Every minute we can run from cron simple shell script to check current load and decide if we can run the Aegir dispatcher safely.

Example:

#!/bin/sh

renice -9 $$

control()
{
NOW_LOAD=`awk '{print $1*100}' /proc/loadavg`
CTL_LOAD=200
if [ $NOW_LOAD -lt $CTL_LOAD ]; then
echo load is $NOW_LOAD while maxload is $CTL_LOAD
echo ... now doing CTL...
su - aegir -c "sh /home/aegir/aegir.sh"
else
echo load is $NOW_LOAD while maxload is $CTL_LOAD
echo ...we have to wait...
fi
}
control

and /home/aegir/aegir.sh script can include just:

#!/bin/sh

/path/to/php '/path/to/drush/drush.php' hosting dispatch --root='/path/to/aegir/domain' --uri=http://aegir.domain

Comments

omega8cc’s picture

BTW: we can also run dispatcher every 15 seconds, just for crash-test or to avoid too long waiting for safe load :)

#!/bin/sh

renice -9 $$

control()
{
NOW_LOAD=`awk '{print $1*100}' /proc/loadavg`
CTL_LOAD=200
if [ $NOW_LOAD -lt $CTL_LOAD ]; then
echo load is $NOW_LOAD while maxload is $CTL_LOAD
echo ... now doing CTL...
su - aegir -c "sh /home/aegir/aegir.sh"
else
echo load is $NOW_LOAD while maxload is $CTL_LOAD
echo ...we have to wait...
fi
}
control
sleep 15
control
sleep 15
control
adrian’s picture

we can't depend on the /proc filesystem, and we can't depend on bash.

we need php functions to test these things if we are to test them at all, and i don't object to putting a switch into the dispatcher to not fire if the system load is too heavy.

anarcat’s picture

Assigned: Unassigned » anarcat

I'll attack this, I'm tired of aegir finishing off my struggling servers.
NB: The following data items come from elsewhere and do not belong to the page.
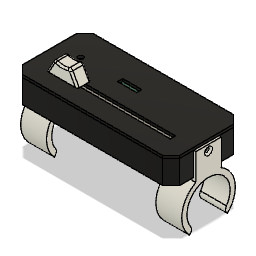
Hydroponics_Fan_Controller (Autodesk Fusion 360 design; units mm, degrees)
Autodesk Fusion 360 part; units mm, degrees
note: some values were not read from the file. Set by a fixed rule: which sketch regions a step uses.
sketch "Sketch1" plane through (0, 0, 0) normal (0, 1, 0) x (1, 0, 0)
  line L0 (0, 0) -> (85, 0)
  line L1 (85, 0) -> (85, -35)
  line L2 (85, -35) -> (0, -35)
  line L3 (0, -35) -> (0, 0)
  dimension "d1" = 85
  dimension "d2" = 35
  constraint horizontal L0
  constraint vertical L1
  constraint horizontal L2
  constraint vertical L3
  constraint coincident L0.start L3.end
  measures "d1" distance of L0.start L0.end
  measures "d2" distance of L0.start L2.end
extrude "Extrude1" add sketch "Sketch1" along normal blind 1.6 makes body 1
sketch "Sketch2" plane through (0, 1.6, 0) normal (0, 1, 0) x (-1, 0, 0)
  line L0 (0, 35) -> (-85, 35)
  line L1 (-85, 35) -> (-85, 0)
  line L2 (-85, 0) -> (0, 0)
  line L3 (0, 0) -> (0, 35)
  line L4 (0, 35) -> (0, 32)
  line L5 (0, 32) -> (0, 20)
  line L6 (0, 35) -> (-5, 35)
  line L7 (-5, 35) -> (-82, 35)
  line L8 (0, 32) -> (-82, 32)
  line L9 (-82, 32) -> (-5, 32)
  line L10 (-5, 32) -> (-5, 20)
  line L11 (-5, 20) -> (-82, 20)
  line L12 (-82, 20) -> (-82, 32)
  dimension "d5" = 3
  dimension "d6" = 12
  dimension "d7" = 5
  dimension "d8" = 77
  constraint coincident L0.start L3.end
  constraint perpendicular L2 L4
  constraint parallel L3 L5
  constraint perpendicular L4 L6
  constraint perpendicular L1 L7
  constraint perpendicular L4 L8
  constraint horizontal L9
  constraint vertical L10
  constraint horizontal L11
  constraint vertical L12
  measures "d5" distance of L0.start L4.end
  measures "d6" distance of L4.end L5.end
  measures "d7" distance of L0.start L6.end
  measures "d8" distance of L6.end L7.end
extrude "Extrude2" add sketch "Sketch2" along normal blind 10 contours L8 L9 L10 L11 L12 bodies 1
sketch "Sketch3" plane through (0, 11.6, 0) normal (0, 1, 0) x (-1, 0, 0)
  line L0 (-82, 20) -> (-5, 20)
  line L1 (-5, 20) -> (-5, 32)
  line L2 (-5, 32) -> (-82, 32)
  line L3 (-82, 32) -> (-82, 20)
  line L4 (-5, 26) -> (-10, 26)
  line L5 (-10, 26) -> (-10, 24.5)
  line L6 (-82, 26) -> (-77, 26)
  line L7 (-77, 26) -> (-77, 27.5)
  line L8 (-10, 24.5) -> (-77, 24.5)
  line L9 (-77, 24.5) -> (-77, 27.5)
  line L10 (-77, 27.5) -> (-10, 27.5)
  line L11 (-10, 27.5) -> (-10, 24.5)
  line L12 (-13, 26) -> (-13, 25.25)
  line L13 (-13, 25.25) -> (-20.5, 25.25)
  line L14 (-20.5, 25.25) -> (-20.5, 26.75)
  line L15 (-20.5, 26.75) -> (-13, 26.75)
  line L16 (-13, 26.75) -> (-13, 25.25)
  dimension "d11" = 5
  dimension "d12" = 1.5
  dimension "d13" = 5
  dimension "d14" = 1.5
  dimension "d15" = 0.75
  dimension "d16" = 7.5
  dimension "d17" = 1.5
  constraint midpoint L1 L4.start
  constraint perpendicular L1 L4
  constraint perpendicular L4 L5
  constraint midpoint L3 L6.start
  constraint perpendicular L3 L6
  constraint perpendicular L6 L7
  constraint horizontal L8
  constraint vertical L9
  constraint horizontal L10
  constraint vertical L11
  constraint perpendicular L8 L12
  constraint horizontal L13
  constraint vertical L14
  constraint horizontal L15
  constraint vertical L16
  measures "d11" distance of L4.start L4.end
  measures "d12" distance of L4.end L5.end
  measures "d13" distance of L6.start L6.end
  measures "d14" distance of L6.end L7.end
  measures "d15" distance of L12.start L12.end
  measures "d16" distance of L12.end L13.end
  measures "d17" distance of L12.end L15.end
extrude "Extrude3" cut sketch "Sketch3" against normal blind 5 contours L5 L7 L8 L9 L10 L11 bodies 1
extrude "Extrude4" add 1 faces at (18, 11.6, 26.25) along direction (0, 1, 0) blind 8 on bodies 1 bodies 1
sketch "Sketch4" plane through (0, 0, 26.75) normal (0, 0, 1) x (1, 0, 0)
  line L0 (13, 19.6) -> (13, 6.6)
  line L1 (13, 6.6) -> (20.5, 6.6)
  line L2 (20.5, 6.6) -> (20.5, 19.6)
  line L3 (20.5, 19.6) -> (13, 19.6)
sketch "Sketch5" plane through (0, 0, 0) normal (0, 1, 0) x (1, 0, 0)
  line L0 (85, 0) -> (0, 0)
  line L1 (0, 0) -> (0, -35)
  line L2 (0, -35) -> (85, -35)
  line L3 (85, -35) -> (85, 0)
  line L4 (-0.15, -35.15) -> (85.15, -35.15)
  line L5 (85.15, -35.15) -> (85.15, 0.15)
  line L6 (85.15, 0.15) -> (-0.15, 0.15)
  line L7 (-0.15, 0.15) -> (-0.15, -35.15)
  line L8 (-3, -38) -> (88, -38)
  line L9 (88, -38) -> (88, 3)
  line L10 (88, 3) -> (-3, 3)
  line L11 (-3, 3) -> (-3, -38)
  dimension "d22" = 0.15
  dimension "d23" = 3
extrude "Extrude5" add sketch "Sketch5" along normal up to surface (11.6 mm away) separate body contours L8 L9 L10 L11 makes body 2
extrude "Extrude6" add sketch "Sketch5" against normal blind 2 separate body contours L0 L1 L2 L3 | L4 L5 L6 L7 | L8 L9 L10 L11 makes body 3
combine "Combine1" operation add target body 2 tool bodies 3
sketch "Sketch6" plane through (0, 11.6, 0) normal (0, 1, 0) x (-1, 0, 0)
  line L0 (-85.15, 35.15) -> (0.15, 35.15)
  line L1 (0.15, 35.15) -> (0.15, -0.15)
  line L2 (0.15, -0.15) -> (-85.15, -0.15)
  line L3 (-85.15, -0.15) -> (-85.15, 35.15)
  line L4 (-88, -3) -> (3, -3)
  line L5 (3, -3) -> (3, 38)
  line L6 (3, 38) -> (-88, 38)
  line L7 (-88, 38) -> (-88, -3)
  line L8 (3, -3) -> (-88, -3)
  line L9 (3, 38) -> (3, -3)
  line L10 (-88, 38) -> (3, 38)
  line L11 (-88, -3) -> (-88, 38)
  line L12 (-77, 24.5) -> (-77, 27.5)
  line L13 (-10, 24.5) -> (-77, 24.5)
  line L14 (-77, 27.5) -> (-10, 27.5)
  line L15 (-10, 27.5) -> (-10, 24.5)
  line L16 (0.15, -0.15) -> (0.15, 35.15)
  line L17 (-85.15, -0.15) -> (0.15, -0.15)
  line L18 (-85.15, 35.15) -> (-85.15, -0.15)
  line L19 (0.15, 35.15) -> (-85.15, 35.15)
  line L20 (-85, 0) -> (-85, 35)
  line L21 (-85, 35) -> (0, 35)
  line L22 (0, 35) -> (0, 0)
  line L23 (0, 0) -> (-85, 0)
  line L24 (-83.15, 1.85) -> (-83.15, 33.15)
  line L25 (-83.15, 33.15) -> (-1.85, 33.15)
  line L26 (-1.85, 33.15) -> (-1.85, 1.85)
  line L27 (-1.85, 1.85) -> (-83.15, 1.85)
  line L28 (-1.85, 1.85) -> (-1.85, -0.15)
  line L29 (-1.85, -0.15) -> (-1.85, 33.15)
  line L30 (-1.85, 33.15) -> (-1.85, 36)
  line L31 (-83.15, 1.85) -> (-83.15, -1)
  line L32 (-83.15, 33.15) -> (-83.15, 36)
  line L33 (-33, 11) -> (-44, 11)
  line L34 (-44, 11) -> (-44, 14)
  line L35 (-44, 14) -> (-33, 14)
  line L36 (-33, 14) -> (-33, 11)
  circle A0 centre (-10.1225, 12.5) radius 1.5
  dimension "d28" = 0.15
  dimension "d29" = 2
  dimension "d82" = 11
  dimension "d83" = 3
  dimension "d84" = 3
  constraint coincident L17 L28.end
  constraint perpendicular L17 L28
  constraint perpendicular L19 L30
  constraint perpendicular L17 L31
  constraint perpendicular L19 L32
  constraint horizontal L33
  constraint vertical L34
  constraint horizontal L35
  constraint vertical L36
  measures "d82" distance of L33.start L33.end
  measures "d83" distance of L33.start L35.end
  measures "d84" diameter of A0
extrude "Extrude7" add sketch "Sketch6" against normal blind 7 separate body contours L20 L21 L23 L24 L31 L32 | L21 L22 L23 L26 L28 L29 L30 makes body 4 at (0, 9.2667, 23.3333) makes body 5 at (83.15, 9.2667, 11.6667)
extrude "Extrude8" add sketch "Sketch6" along normal blind 1.5 separate body contours L0 L2 L3 L17 L18 L19 L20 L21 L23 L31 L32 | L0 L19 L21 L30 L32 | L0 L1 L2 L16 L17 L19 L21 L22 L23 L28 L29 L30 | L20 L21 L23 L24 L31 L32 | L21 L25 L30 L32 | L2 L17 L23 L28 L29 L31 | L21 L22 L23 L26 L28 L29 L30 | L24 L25 L26 L27 L29 | L23 L27 L28 L29 L31 | L4 L5 L6 L7 L8 L9 L10 L11 makes body 6
combine "Combine2" operation add target body 4 tool bodies 5 6
ref_plane "WorkPlane1" through (16.75, 13.1, 26) normal (0, 0, 1) x (-1, 0, 0)
sketch "Sketch7" plane through (16.75, 13.1, 26) normal (0, 0, 1) x (1, 0, 0)
  line L0 (-3.75, -6.5) -> (-3.75, 6.5)
  line L1 (-3.75, 6.5) -> (3.75, 6.5)
  line L2 (3.75, 6.5) -> (3.75, -6.5)
  line L3 (-3.9, -6.5) -> (-3.9, 6.65)
  line L4 (-3.9, 6.65) -> (3.9, 6.65)
  line L5 (3.9, 6.65) -> (3.9, -6.5)
  circle A0 centre (-3.9, 6.65) radius 1.5
  circle A1 centre (3.9, 6.65) radius 1.5
  line L6 (-3.75, 7.5) -> (3.75, 7.5)
  spline S0 degree 5 poles (3.4308, 8.0747) (3.2935, 8.0311) (3.0191, 7.9478) (2.6074, 7.8341) (2.0585, 7.7058) (1.3723, 7.5867) (0.6862, 7.5127) (0, 7.4874) (-0.6862, 7.5127) (-1.3723, 7.5867) (-2.0585, 7.7058) (-2.6074, 7.8341) (-3.0191, 7.9478) (-3.2935, 8.0311) (-3.4308, 8.0747) knots 0 0 0 0 0 0 0.1 0.2 0.3 0.4 0.5 0.6 0.7 0.8 0.9 1 1 1 1 1 1
  line L7 (-3.9, 6.65) -> (-3.9, 0.65)
  line L8 (-3.9, 0.65) -> (-8.9, 0.65)
  line L9 (0, 7.5) -> (0, 0)
  line L10 (-8.9, 0.65) -> (-5.2153, 7.3711)
  line L11 (3.9, 0.65) -> (8.9, 0.65)
  line L12 (3.75, 6.5) -> (-3.75, 6.5)
  circle A2 centre (-3.9, 6.65) radius 1.5
  line L13 (3.75, 7.5) -> (-3.75, 7.5)
  spline S1 degree 5 poles (-3.4308, 8.0747) (-3.2935, 8.0311) (-3.0191, 7.9478) (-2.6074, 7.8341) (-2.0585, 7.7058) (-1.3723, 7.5867) (-0.6862, 7.5127) (0, 7.4874) (0.6862, 7.5127) (1.3723, 7.5867) (2.0585, 7.7058) (2.6074, 7.8341) (3.0191, 7.9478) (3.2935, 8.0311) (3.4308, 8.0747) knots 0 0 0 0 0 0 0.1 0.2 0.3 0.4 0.5 0.6 0.7 0.8 0.9 1 1 1 1 1 1
  line L14 (4.12, 8.2936) -> (2.7415, 7.8558)
  line L15 (-2.7415, 7.8558) -> (-4.12, 8.2936)
  line L16 (-4.12, 8.2936) -> (-2.7415, 7.8558)
  line L17 (2.7415, 7.8558) -> (4.12, 8.2936)
  line L18 (8.9, 0.65) -> (5.2153, 7.3711)
  line L19 (3.9, 6.65) -> (-3.9, 6.65)
  circle A3 centre (3.9, 6.65) radius 1.5
  line L20 (3.9, 6.65) -> (3.9, 0.65)
  point P0 (0, 7.5)
  point P1 (0, 7.5)
  point P2 (0, 7.5)
  dimension "d34" = -0.15
  dimension "d35" = 3
  dimension "d36" = 3
  dimension "d37" = -1
  dimension "d38" = 6
  dimension "d39" = 5
  constraint coincident L3.end L4.start
  constraint coincident L4.end L5.start
  constraint coincident A1 S0.start
  constraint midpoint L6 P2
  constraint coincident A0 S0.end
  constraint perpendicular L4 L7
  constraint perpendicular L3 L8
  constraint coincident P2 P1
  constraint coincident L9.end origin
  constraint perpendicular L1 L9
  constraint coincident A0 L10.end
  constraint tangent A0 L10
  constraint midpoint S0.start L14
  constraint midpoint S0.end L15
  constraint symmetric L0.end L9 L1.end
  constraint symmetric L1.end L9 L0.end
  constraint symmetric L3.end L9 L4.end
  constraint symmetric L4.end L9 L3.end
  constraint symmetric A0 L9 A3
  constraint symmetric A1 L9 A2
  constraint symmetric L6.start L9 L6.end
  constraint symmetric L6.end L9 L6.start
  constraint symmetric S0.start L9 S0.end
  constraint symmetric P2 L9 P1
  constraint symmetric S0.end L9 S0.start
  constraint symmetric L7.end L9 L11.start
  constraint symmetric L8.end L9 L11.end
  constraint symmetric L9 L10.end L18.end
  constraint symmetric L9 L14.start L15.end
  constraint symmetric L9 L14.end L15.start
  constraint symmetric L9 L15.start L14.end
  constraint symmetric L9 L15.end L14.start
  measures "d35" diameter of A0
  measures "d36" diameter of A1
  measures "d38" distance of L3.end L7.end
  measures "d39" distance of L7.end L8.end
extrude "Extrude9" add sketch "Sketch7" along normal mid plane 1.8 separate body contours L3 L4 A0 L7 A2 L19 | L3 A0 L7 L8 L10 A2 | L4 A0 L6 L9 A2 L13 L19 | A0 L6 S0 A2 L13 S1 | L4 A1 L6 L9 L13 L19 A3 | A1 L6 S0 L13 S1 A3 | L4 L5 A1 L19 A3 L20 | L5 A1 L11 L18 A3 L20 makes body 7
sketch "Sketch8" plane through (0, 0, 26.9) normal (0, 0, 1) x (1, 0, 0)
  line L0 (12.85, 19.75) -> (20.65, 19.75)
  line L1 (20.65, 19.75) -> (20.65, 13.75)
  line L2 (20.65, 13.75) -> (25.65, 13.75)
  line L3 (25.65, 13.75) -> (21.9653, 20.4711)
  arc A0 (21.9653, 20.4711) -> (20.1808, 21.1747) centre (20.65, 19.75) ccw
  spline S0 degree 5 poles (20.1808, 21.1747) (20.0435, 21.1311) (19.7691, 21.0478) (19.3574, 20.9341) (18.8085, 20.8058) (18.1223, 20.6867) (17.4362, 20.6127) (16.75, 20.5874) (16.0638, 20.6127) (15.3777, 20.6867) (14.6915, 20.8058) (14.1426, 20.9341) (13.7309, 21.0478) (13.4565, 21.1311) (13.3192, 21.1747) knots -1 -1 -1 -1 -1 -1 -0.9 -0.8 -0.7 -0.6 -0.5 -0.4 -0.3 -0.2 -0.1 0 0 0 0 0 0
  arc A1 (13.3192, 21.1747) -> (11.5347, 20.4711) centre (12.85, 19.75) ccw
  line L4 (11.5347, 20.4711) -> (7.85, 13.75)
  line L5 (7.85, 13.75) -> (12.85, 13.75)
  line L6 (12.85, 13.75) -> (12.85, 19.75)
  line L7 (11.5347, 20.4711) -> (7.85, 13.75)
  line L8 (12.85, 13.75) -> (20.65, 13.75)
  constraint coincident L5.end L6.start
  constraint coincident L1.end L2.start
extrude "Extrude10" add sketch "Sketch8" along normal blind 3 bodies 7
mirror "Mirror1" about plane through (16.75, 13.1, 26) normal (0, 0, 1) of "Extrude10"
chamfer "Chamfer1" distance 5 angle 45 8 edges at (-3, 4.8, -3) (-3, 4.8, 38) (88, 4.8, 38) (88, 4.8, -3) (-3, 12.35, -3) (-3, 12.35, 38) (88, 12.35, 38) (88, 12.35, -3) on bodies 2 4
sketch "Sketch9" plane through (88, 0, 0) normal (1, 0, 0) x (0, 0, -1)
  line L0 (-2, -2) -> (-2, 11.6)
  line L1 (-2, 11.6) -> (-33, 11.6)
  line L2 (-33, 11.6) -> (-33, -2)
  line L3 (-33, -2) -> (-2, -2)
  line L4 (0, 4.6) -> (-35, 4.6)
  line L5 (-2, 11.6) -> (-33, 11.6)
  line L6 (-17.5, 11.6) -> (-17.5, 8.1)
  circle A0 centre (-17.5, 8.1) radius 0.8
  circle A1 centre (-17.5, 8.1) radius 1.25
  dimension "d47" = 3.5
  dimension "d48" = 1.6
  dimension "d49" = 2.5
  constraint midpoint L1 L6.start
  constraint perpendicular L4 L6
  constraint coincident L6.end A0.centre
  constraint concentric A0 A1
  measures "d47" distance of L6.start L6.end
  measures "d48" diameter of A0
  measures "d49" diameter of A1
extrude "Extrude11" cut sketch "Sketch9" against normal up to surface (88 mm away) contours A0 bodies 4
extrude "Extrude12" cut sketch "Sketch9" against normal up to surface (91 mm away) contours A0 | A1 bodies 2
fillet "Fillet1" radius 1 10 edges at (12.2998, 21.1454, 29.9) (9.6923, 17.1105, 29.9) (16.75, 20.6, 29.9) (23.8077, 17.1105, 29.9) (21.2002, 21.1454, 29.9) (23.8077, 17.1105, 22.1) (21.2002, 21.1454, 22.1) (16.75, 20.6, 22.1) (12.2998, 21.1454, 22.1) (9.6923, 17.1105, 22.1) on bodies 7
sketch "Sketch10" plane through (-3, 0, 0) normal (-1, 0, 0) x (0, 0, 1)
  circle A0 centre (17.5, 8.1) radius 1.25
  line L0 (33, -2) -> (33, 11.6)
  line L1 (33, 11.6) -> (2, 11.6)
  line L2 (2, 11.6) -> (2, -2)
  line L3 (2, -2) -> (33, -2)
  line L4 (33, 11.6) -> (2, 11.6)
  circle A1 centre (17.5, 8.1) radius 1.25
  line L5 (17.5, 11.6) -> (10, 11.6)
  line L6 (10, 11.6) -> (25, 11.6)
  line L7 (25, 11.6) -> (25, -2)
  line L8 (25, -2) -> (10, -2)
  line L9 (10, -2) -> (10, 11.6)
  line L10 (10.15, -2) -> (10.15, 11.45)
  line L11 (10.15, 11.45) -> (24.85, 11.45)
  line L12 (24.85, 11.45) -> (24.85, -2)
  dimension "d57" = 15
  dimension "d58" = 0.15
  constraint midpoint L4 L5.start
  constraint coincident L4 L5.end
  constraint parallel L4 L5
  constraint horizontal L6
  constraint vertical L7
  constraint horizontal L8
  constraint vertical L9
  measures "d57" distance of L5.end L6.end
extrude "Extrude13" cut sketch "Sketch10" against normal blind 1 contours L1 L3 L4 L5 L6 L7 L8 L9 L10 L11 L12 | L3 L8 L10 L11 L12 bodies 2
extrude "Extrude14" add sketch "Sketch10" along normal blind 1.15 and the other way blind 0.85 separate body contours L3 L8 L10 L11 L12 makes body 8
sketch "Sketch11" plane through (-4.15, 0, 0) normal (-1, 0, 0) x (0, 0, 1)
  circle A0 centre (17.5, 8.1) radius 1.25
  line L0 (24.85, 11.45) -> (10.15, 11.45)
  line L1 (10.15, 11.45) -> (10.15, -2)
  line L2 (10.15, -2) -> (24.85, -2)
  line L3 (24.85, -2) -> (24.85, 11.45)
  line L4 (10.15, -2) -> (24.85, -2)
  line L5 (24.85, -2) -> (24.85, -4)
  line L6 (24.85, -4) -> (10.15, -4)
  line L7 (10.15, -4) -> (10.15, -2)
  circle A1 centre (17.5, -17.6465) radius 15.5
  circle A2 centre (17.5, -17.6465) radius 12.5
  line L8 (17.5, -17.6465) -> (6.5398, -28.6067)
  line L9 (17.5, -17.6465) -> (33, -17.6465) construction
  line L10 (17.5, -17.6465) -> (28.4602, -28.6067)
  line L11 (17.5, -17.6465) -> (33, -17.6465) construction
  line L12 (10.15, -2.15) -> (24.85, -2.15)
  dimension "d66" = 2
  dimension "d67" = 31
  dimension "d68" = 25
  dimension "d69" = 135
  dimension "d70" = 45
  dimension "d71" = 0.15
  constraint horizontal L4
  constraint vertical L5
  constraint horizontal L6
  constraint vertical L7
  constraint coincident L1.end L2.start
  constraint coincident L6.end A1
  constraint coincident L5.end A1
  constraint concentric A1 A2
  constraint horizontal L9
  constraint coincident A1.centre A2.centre
  constraint horizontal L11
  measures "d66" distance of L1.end L6.end
  measures "d67" diameter of A1
  measures "d68" diameter of A2
  measures "d69" angle of L8 L9
  measures "d70" angle of L10 L11
extrude "Extrude15" add sketch "Sketch11" against normal blind 2 contours L2 L4 L5 L7 A1 L12 | A1 L12 bodies 8
extrude "Extrude16" add sketch "Sketch11" against normal blind 15 contours L5 A1 L12 | L7 A1 L12 | L6 A1 A2 L8 L10 | L6 A1 L12 bodies 8
fillet "Fillet2" radius 3 2 edges at (3.35, -26.4854, 26.3388) (3.35, -26.4854, 8.6612) on bodies 8
chamfer "Chamfer3" distance 1 angle 45 1 edges at (-4.15, 8.552, 16.3346) on bodies 8
ref_plane "WorkPlane2" through (42.5, 4.8, 29) normal (-1, 0, 0) x (0, 0, 1)
mirror "Mirror2" about plane through (42.5, 4.8, 29) normal (-1, 0, 0) of "Extrude13"
mirror "Mirror3" about plane through (42.5, 4.8, 29) normal (-1, 0, 0) of bodies 8 makes body 9
equation "d8 = 82 mm - 5 mm"
equation "d15 = ( 1.5 / 2 ) * 1 mm"
equation "d40 = 1.5 mm + 0.3 mm"
equation "d47 = ( 7 / 2 ) * 1 mm"
equation "d61 = 2 mm - 0.85 mm"
equation "d67 = 25 mm + 6 mm"
named bodies: "Circuit Board", "Case Bottom", "Case Top", "Slider Cap", "Clip 1", "Clip 2"

I found this:

http://ca2.php.net/manual/fr/function.sys-getloadavg.php

anarcat’s picture

Status: Active » Fixed

this required a little of restructuring. i wanted to abort in an drush_init() so that we bootstrap the least possible. So I had to move the hosting-dispatch command from a callback to a regular command (r8543f5255148).

The fix for this itself is in rf39e00906f0f. I added two functions: provision_count_cpus() and provision_load_critical().

Both should work on all platform (but windows), but provision_count_cpus() currently returns FALSE on anything else than Linux. Extensions can easily be written for that, because unfortunatly, there's no way to tell the number of CPUs from within PHP reliably, so we need hacks to figure that out. So basically, provision_count_cpus() is Linux-only.

provision_load_critical(), which decides what "critical" means, uses the number of CPUs to figure out the load. That part is platform-agnostic (except windows).

The number of CPUs is important to make some sense of the load and evaluate if it's critical or not. A load of 4 on a 4 CPU system is not uncommon and shouldn't be too much of a problem. A load of 4 on a single CPU is bad and the machine feels unresponsive.

If we don't know the number of CPUs, we assume that a load of 10 (magic number!) is critical. Otherwise, we assume a load of 5 processes per CPU (e.g. 5 for a single CPU, 20 for a 4-CPU machine) is critical.

When load is critical, drush just doesn't run, which should help recovery during critical situations (as opposed to now, where Aegir aggravates the problem by spawning more drush bootstrap sequences, see #695244: hosting-cron killed my server for a few good examples).

So basically, I think this answers the spec: it works everywhere, because we have sane defaults if the platform-specific stuff cannot be figured out. We get the load in a platform-agnostic manner.

Testing would be appreciated, but I'm running this in production already.

anarcat’s picture

anarcat’s picture

Ah, and another thing: I have implemented the controls in provision, which means it affects any drush command not defining a callback. This may not be desirable: maybe we want to implement the controls only over hosting-dispatch. If that's the case, we'd just need to move provision_drush_init() and the code for cpu and load detection to hosting.

I do think however, that it's useful to have such controls at the backend level, especially in the context of multiple server support: who cares about the load on the master server if the slave that's supposed to run the task is hosed?

anarcat’s picture

Title: Aegir should check its environment condition before dispatching new tasks/crons + simple recipe » check load before dispatching new tasks/crons

Status: Fixed » Closed (fixed)

Automatically closed -- issue fixed for 2 weeks with no activity.